§ REQUIREMENT
All the lines below should be set down exactly, with no picture carried into the copy.

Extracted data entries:

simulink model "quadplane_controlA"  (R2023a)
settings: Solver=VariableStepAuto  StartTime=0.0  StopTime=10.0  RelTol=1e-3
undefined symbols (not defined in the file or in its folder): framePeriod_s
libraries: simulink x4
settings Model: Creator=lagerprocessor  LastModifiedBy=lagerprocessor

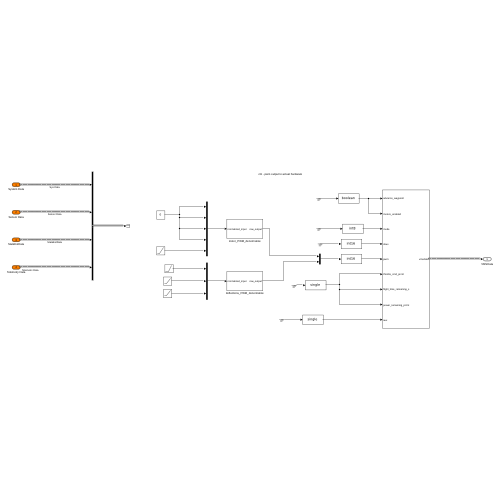
[thumbnail: Simulink's stored preview of the top-level diagram]
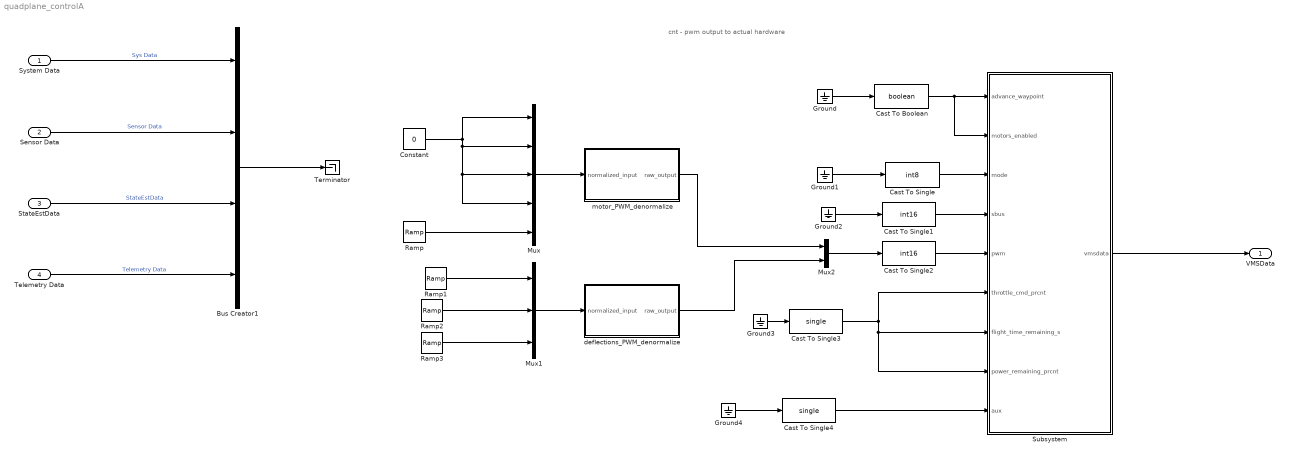
== system quadplane_controlA ==
  note: cnt - pwm output to actual hardware
  System Data : Inport  OutDataTypeStr=Bus: SysData  SampleTime=framePeriod_s  BusOutputAsStruct=on
  Sensor Data : Inport  Port=2  OutDataTypeStr=Bus: SensorData  SampleTime=framePeriod_s  BusOutputAsStruct=on
  StateEstData : Inport  Port=3  OutDataTypeStr=Bus: StateEstData  SampleTime=framePeriod_s  BusOutputAsStruct=on
  Telemetry Data : Inport  Port=4  OutDataTypeStr=Bus: TelemData  SampleTime=framePeriod_s  BusOutputAsStruct=on
  Bus Creator1 : BusCreator  Inputs=4
  Cast To Boolean : DataTypeConversion  OutDataTypeStr=boolean  SaturateOnIntegerOverflow=off  RndMeth=Floor
  Cast To Single : DataTypeConversion  OutDataTypeStr=int8  SaturateOnIntegerOverflow=off  RndMeth=Floor
  Cast To Single1 : DataTypeConversion  OutDataTypeStr=int16  SaturateOnIntegerOverflow=off  RndMeth=Floor
  Cast To Single2 : DataTypeConversion  OutDataTypeStr=int16  SaturateOnIntegerOverflow=off  RndMeth=Floor
  Cast To Single3 : DataTypeConversion  OutDataTypeStr=single  SaturateOnIntegerOverflow=off  RndMeth=Floor
  Cast To Single4 : DataTypeConversion  OutDataTypeStr=single  SaturateOnIntegerOverflow=off  RndMeth=Floor
  Constant : Constant  Value=0
  Ground{,1..4} (5 alike) : Ground
  Mux : Mux  Inputs=5
  Mux1 : Mux  Inputs=3
  Mux2 : Mux  Inputs=2
  Ramp : simulink/Sources/Ramp  slope=0  start=0  InitialOutput=0.4
  Ramp1 : simulink/Sources/Ramp  slope=0  start=0  InitialOutput=0
  Ramp2 : simulink/Sources/Ramp  slope=0  start=0  InitialOutput=0
  Ramp3 : simulink/Sources/Ramp  slope=0  start=0  InitialOutput=0
  Subsystem : Subsystem
  Terminator : Terminator
  deflections_PWM_denormalize : Subsystem
  motor_PWM_denormalize : Subsystem
  VMSData : Outport  OutDataTypeStr=Bus: VmsData
  wires:
  Telemetry Data/1 -> Bus Creator1/4  "Telemetry Data"
  StateEstData/1 -> Bus Creator1/3  "StateEstData"
  Sensor Data/1 -> Bus Creator1/2  "Sensor Data"
  System Data/1 -> Bus Creator1/1  "Sys Data"
  Bus Creator1/1 -> Terminator/1
  motor_PWM_denormalize/1(raw_output) -> Mux2/1
  Ground/1 -> Cast To Boolean/1
  Ground1/1 -> Cast To Single/1
  Ground2/1 -> Cast To Single1/1
  Cast To Single3/1 -> Subsystem/6(throttle_cmd_prcnt), Subsystem/8(power_remaining_prcnt), Subsystem/7(flight_time_remaining_s)
  Cast To Single4/1 -> Subsystem/9(aux)
  Subsystem/1(vmsdata) -> VMSData/1
  Cast To Boolean/1 -> Subsystem/2(motors_enabled), Subsystem/1(advance_waypoint)
  Cast To Single/1 -> Subsystem/3(mode)
  Cast To Single1/1 -> Subsystem/4(sbus)
  Cast To Single2/1 -> Subsystem/5(pwm)
  Ground3/1 -> Cast To Single3/1
  Ground4/1 -> Cast To Single4/1
  Mux/1 -> motor_PWM_denormalize/1(normalized_input)
  Ramp/1 -> Mux/5
  Constant/1 -> Mux/4, Mux/3, Mux/2, Mux/1
  Mux1/1 -> deflections_PWM_denormalize/1(normalized_input)
  deflections_PWM_denormalize/1(raw_output) -> Mux2/2
  Mux2/1 -> Cast To Single2/1
  Ramp3/1 -> Mux1/3
  Ramp2/1 -> Mux1/2
  Ramp1/1 -> Mux1/1

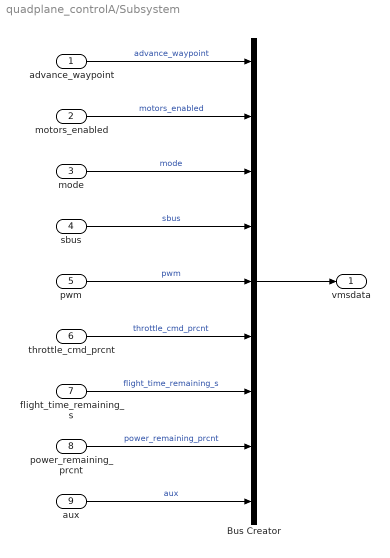
== system quadplane_controlA/Subsystem ==
  advance_waypoint : Inport
  motors_enabled : Inport  Port=2
  mode : Inport  Port=3
  sbus : Inport  Port=4
  pwm : Inport  Port=5
  throttle_cmd_prcnt : Inport  Port=6
  flight_time_remaining_s : Inport  Port=7
  power_remaining_prcnt : Inport  Port=8
  aux : Inport  Port=9
  Bus Creator : BusCreator  Inputs=9  OutDataTypeStr=Bus: VmsData  NonVirtualBus=on
      settings: InheritFromInputs=off
  vmsdata : Outport
  wires:
  flight_time_remaining_s/1 -> Bus Creator/7  "flight_time_remaining_s"
  mode/1 -> Bus Creator/3  "mode"
  pwm/1 -> Bus Creator/5  "pwm"
  aux/1 -> Bus Creator/9  "aux"
  throttle_cmd_prcnt/1 -> Bus Creator/6  "throttle_cmd_prcnt"
  Bus Creator/1 -> vmsdata/1
  motors_enabled/1 -> Bus Creator/2  "motors_enabled"
  advance_waypoint/1 -> Bus Creator/1  "advance_waypoint"
  power_remaining_prcnt/1 -> Bus Creator/8  "power_remaining_prcnt"
  sbus/1 -> Bus Creator/4  "sbus"

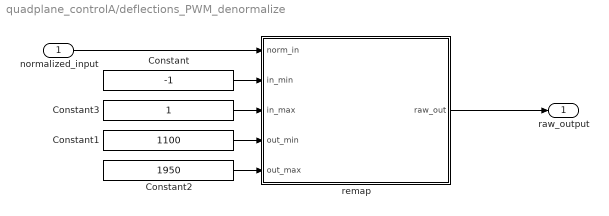
== system quadplane_controlA/deflections_PWM_denormalize ==
  normalized_input : Inport
  Constant : Constant  Value=-1  OutDataTypeStr=single
  Constant1 : Constant  Value=1100  OutDataTypeStr=single
  Constant2 : Constant  Value=1950  OutDataTypeStr=single
  Constant3 : Constant  OutDataTypeStr=single
  remap : MATLAB Function  TreatAsAtomicUnit=on
  raw_output : Outport
  wires:
  Constant2/1 -> remap/5(out_max)
  Constant1/1 -> remap/4(out_min)
  Constant3/1 -> remap/3(in_max)
  Constant/1 -> remap/2(in_min)
  remap/1(raw_out) -> raw_output/1
  normalized_input/1 -> remap/1(norm_in)

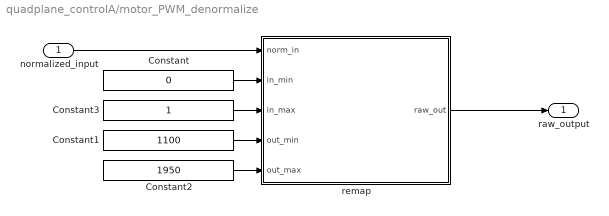
== system quadplane_controlA/motor_PWM_denormalize ==
  normalized_input : Inport
  Constant : Constant  Value=0  OutDataTypeStr=single
  Constant1 : Constant  Value=1100  OutDataTypeStr=single
  Constant2 : Constant  Value=1950  OutDataTypeStr=single
  Constant3 : Constant  OutDataTypeStr=single
  remap : MATLAB Function  TreatAsAtomicUnit=on
  raw_output : Outport
  wires:
  Constant2/1 -> remap/5(out_max)
  Constant1/1 -> remap/4(out_min)
  Constant3/1 -> remap/3(in_max)
  Constant/1 -> remap/2(in_min)
  remap/1(raw_out) -> raw_output/1
  normalized_input/1 -> remap/1(norm_in)

== matlab function quadplane_controlA/deflections_PWM_denormalize/remap ==
  data: norm_in input; raw_out output; in_min input; in_max input; out_min input; out_max input
function raw_out = remap(norm_in,in_min,in_max,out_min,out_max)
raw_out = (norm_in - in_min) * (out_max - out_min)/(in_max-in_min) + out_min;

== matlab function quadplane_controlA/motor_PWM_denormalize/remap ==
  data: norm_in input; raw_out output; in_min input; in_max input; out_min input; out_max input
function raw_out = remap(norm_in,in_min,in_max,out_min,out_max)
raw_out = (norm_in - in_min) * (out_max - out_min)/(in_max-in_min) + out_min;

§ OUTPUT
simulink model "quadplane_controlA"  (R2023a)
settings: Solver=VariableStepAuto  StartTime=0.0  StopTime=10.0  RelTol=1e-3
undefined symbols (not defined in the file or in its folder): framePeriod_s
libraries: simulink x4
settings Model: Creator=lagerprocessor  LastModifiedBy=lagerprocessor

[thumbnail: Simulink's stored preview of the top-level diagram]
== system quadplane_controlA ==
  note: cnt - pwm output to actual hardware
  System Data : Inport  OutDataTypeStr=Bus: SysData  SampleTime=framePeriod_s  BusOutputAsStruct=on
  Sensor Data : Inport  Port=2  OutDataTypeStr=Bus: SensorData  SampleTime=framePeriod_s  BusOutputAsStruct=on
  StateEstData : Inport  Port=3  OutDataTypeStr=Bus: StateEstData  SampleTime=framePeriod_s  BusOutputAsStruct=on
  Telemetry Data : Inport  Port=4  OutDataTypeStr=Bus: TelemData  SampleTime=framePeriod_s  BusOutputAsStruct=on
  Bus Creator1 : BusCreator  Inputs=4
  Cast To Boolean : DataTypeConversion  OutDataTypeStr=boolean  SaturateOnIntegerOverflow=off  RndMeth=Floor
  Cast To Single : DataTypeConversion  OutDataTypeStr=int8  SaturateOnIntegerOverflow=off  RndMeth=Floor
  Cast To Single1 : DataTypeConversion  OutDataTypeStr=int16  SaturateOnIntegerOverflow=off  RndMeth=Floor
  Cast To Single2 : DataTypeConversion  OutDataTypeStr=int16  SaturateOnIntegerOverflow=off  RndMeth=Floor
  Cast To Single3 : DataTypeConversion  OutDataTypeStr=single  SaturateOnIntegerOverflow=off  RndMeth=Floor
  Cast To Single4 : DataTypeConversion  OutDataTypeStr=single  SaturateOnIntegerOverflow=off  RndMeth=Floor
  Constant : Constant  Value=0
  Ground{,1..4} (5 alike) : Ground
  Mux : Mux  Inputs=5
  Mux1 : Mux  Inputs=3
  Mux2 : Mux  Inputs=2
  Ramp : simulink/Sources/Ramp  slope=0  start=0  InitialOutput=0.4
  Ramp1 : simulink/Sources/Ramp  slope=0  start=0  InitialOutput=0
  Ramp2 : simulink/Sources/Ramp  slope=0  start=0  InitialOutput=0
  Ramp3 : simulink/Sources/Ramp  slope=0  start=0  InitialOutput=0
  Subsystem : Subsystem
  Terminator : Terminator
  deflections_PWM_denormalize : Subsystem
  motor_PWM_denormalize : Subsystem
  VMSData : Outport  OutDataTypeStr=Bus: VmsData
  wires:
  Telemetry Data/1 -> Bus Creator1/4  "Telemetry Data"
  StateEstData/1 -> Bus Creator1/3  "StateEstData"
  Sensor Data/1 -> Bus Creator1/2  "Sensor Data"
  System Data/1 -> Bus Creator1/1  "Sys Data"
  Bus Creator1/1 -> Terminator/1
  motor_PWM_denormalize/1(raw_output) -> Mux2/1
  Ground/1 -> Cast To Boolean/1
  Ground1/1 -> Cast To Single/1
  Ground2/1 -> Cast To Single1/1
  Cast To Single3/1 -> Subsystem/6(throttle_cmd_prcnt), Subsystem/8(power_remaining_prcnt), Subsystem/7(flight_time_remaining_s)
  Cast To Single4/1 -> Subsystem/9(aux)
  Subsystem/1(vmsdata) -> VMSData/1
  Cast To Boolean/1 -> Subsystem/2(motors_enabled), Subsystem/1(advance_waypoint)
  Cast To Single/1 -> Subsystem/3(mode)
  Cast To Single1/1 -> Subsystem/4(sbus)
  Cast To Single2/1 -> Subsystem/5(pwm)
  Ground3/1 -> Cast To Single3/1
  Ground4/1 -> Cast To Single4/1
  Mux/1 -> motor_PWM_denormalize/1(normalized_input)
  Ramp/1 -> Mux/5
  Constant/1 -> Mux/4, Mux/3, Mux/2, Mux/1
  Mux1/1 -> deflections_PWM_denormalize/1(normalized_input)
  deflections_PWM_denormalize/1(raw_output) -> Mux2/2
  Mux2/1 -> Cast To Single2/1
  Ramp3/1 -> Mux1/3
  Ramp2/1 -> Mux1/2
  Ramp1/1 -> Mux1/1

== system quadplane_controlA/Subsystem ==
  advance_waypoint : Inport
  motors_enabled : Inport  Port=2
  mode : Inport  Port=3
  sbus : Inport  Port=4
  pwm : Inport  Port=5
  throttle_cmd_prcnt : Inport  Port=6
  flight_time_remaining_s : Inport  Port=7
  power_remaining_prcnt : Inport  Port=8
  aux : Inport  Port=9
  Bus Creator : BusCreator  Inputs=9  OutDataTypeStr=Bus: VmsData  NonVirtualBus=on
      settings: InheritFromInputs=off
  vmsdata : Outport
  wires:
  flight_time_remaining_s/1 -> Bus Creator/7  "flight_time_remaining_s"
  mode/1 -> Bus Creator/3  "mode"
  pwm/1 -> Bus Creator/5  "pwm"
  aux/1 -> Bus Creator/9  "aux"
  throttle_cmd_prcnt/1 -> Bus Creator/6  "throttle_cmd_prcnt"
  Bus Creator/1 -> vmsdata/1
  motors_enabled/1 -> Bus Creator/2  "motors_enabled"
  advance_waypoint/1 -> Bus Creator/1  "advance_waypoint"
  power_remaining_prcnt/1 -> Bus Creator/8  "power_remaining_prcnt"
  sbus/1 -> Bus Creator/4  "sbus"

== system quadplane_controlA/deflections_PWM_denormalize ==
  normalized_input : Inport
  Constant : Constant  Value=-1  OutDataTypeStr=single
  Constant1 : Constant  Value=1100  OutDataTypeStr=single
  Constant2 : Constant  Value=1950  OutDataTypeStr=single
  Constant3 : Constant  OutDataTypeStr=single
  remap : MATLAB Function  TreatAsAtomicUnit=on
  raw_output : Outport
  wires:
  Constant2/1 -> remap/5(out_max)
  Constant1/1 -> remap/4(out_min)
  Constant3/1 -> remap/3(in_max)
  Constant/1 -> remap/2(in_min)
  remap/1(raw_out) -> raw_output/1
  normalized_input/1 -> remap/1(norm_in)

== system quadplane_controlA/motor_PWM_denormalize ==
  normalized_input : Inport
  Constant : Constant  Value=0  OutDataTypeStr=single
  Constant1 : Constant  Value=1100  OutDataTypeStr=single
  Constant2 : Constant  Value=1950  OutDataTypeStr=single
  Constant3 : Constant  OutDataTypeStr=single
  remap : MATLAB Function  TreatAsAtomicUnit=on
  raw_output : Outport
  wires:
  Constant2/1 -> remap/5(out_max)
  Constant1/1 -> remap/4(out_min)
  Constant3/1 -> remap/3(in_max)
  Constant/1 -> remap/2(in_min)
  remap/1(raw_out) -> raw_output/1
  normalized_input/1 -> remap/1(norm_in)

== matlab function quadplane_controlA/deflections_PWM_denormalize/remap ==
  data: norm_in input; raw_out output; in_min input; in_max input; out_min input; out_max input
function raw_out = remap(norm_in,in_min,in_max,out_min,out_max)
raw_out = (norm_in - in_min) * (out_max - out_min)/(in_max-in_min) + out_min;

== matlab function quadplane_controlA/motor_PWM_denormalize/remap ==
  data: norm_in input; raw_out output; in_min input; in_max input; out_min input; out_max input
function raw_out = remap(norm_in,in_min,in_max,out_min,out_max)
raw_out = (norm_in - in_min) * (out_max - out_min)/(in_max-in_min) + out_min;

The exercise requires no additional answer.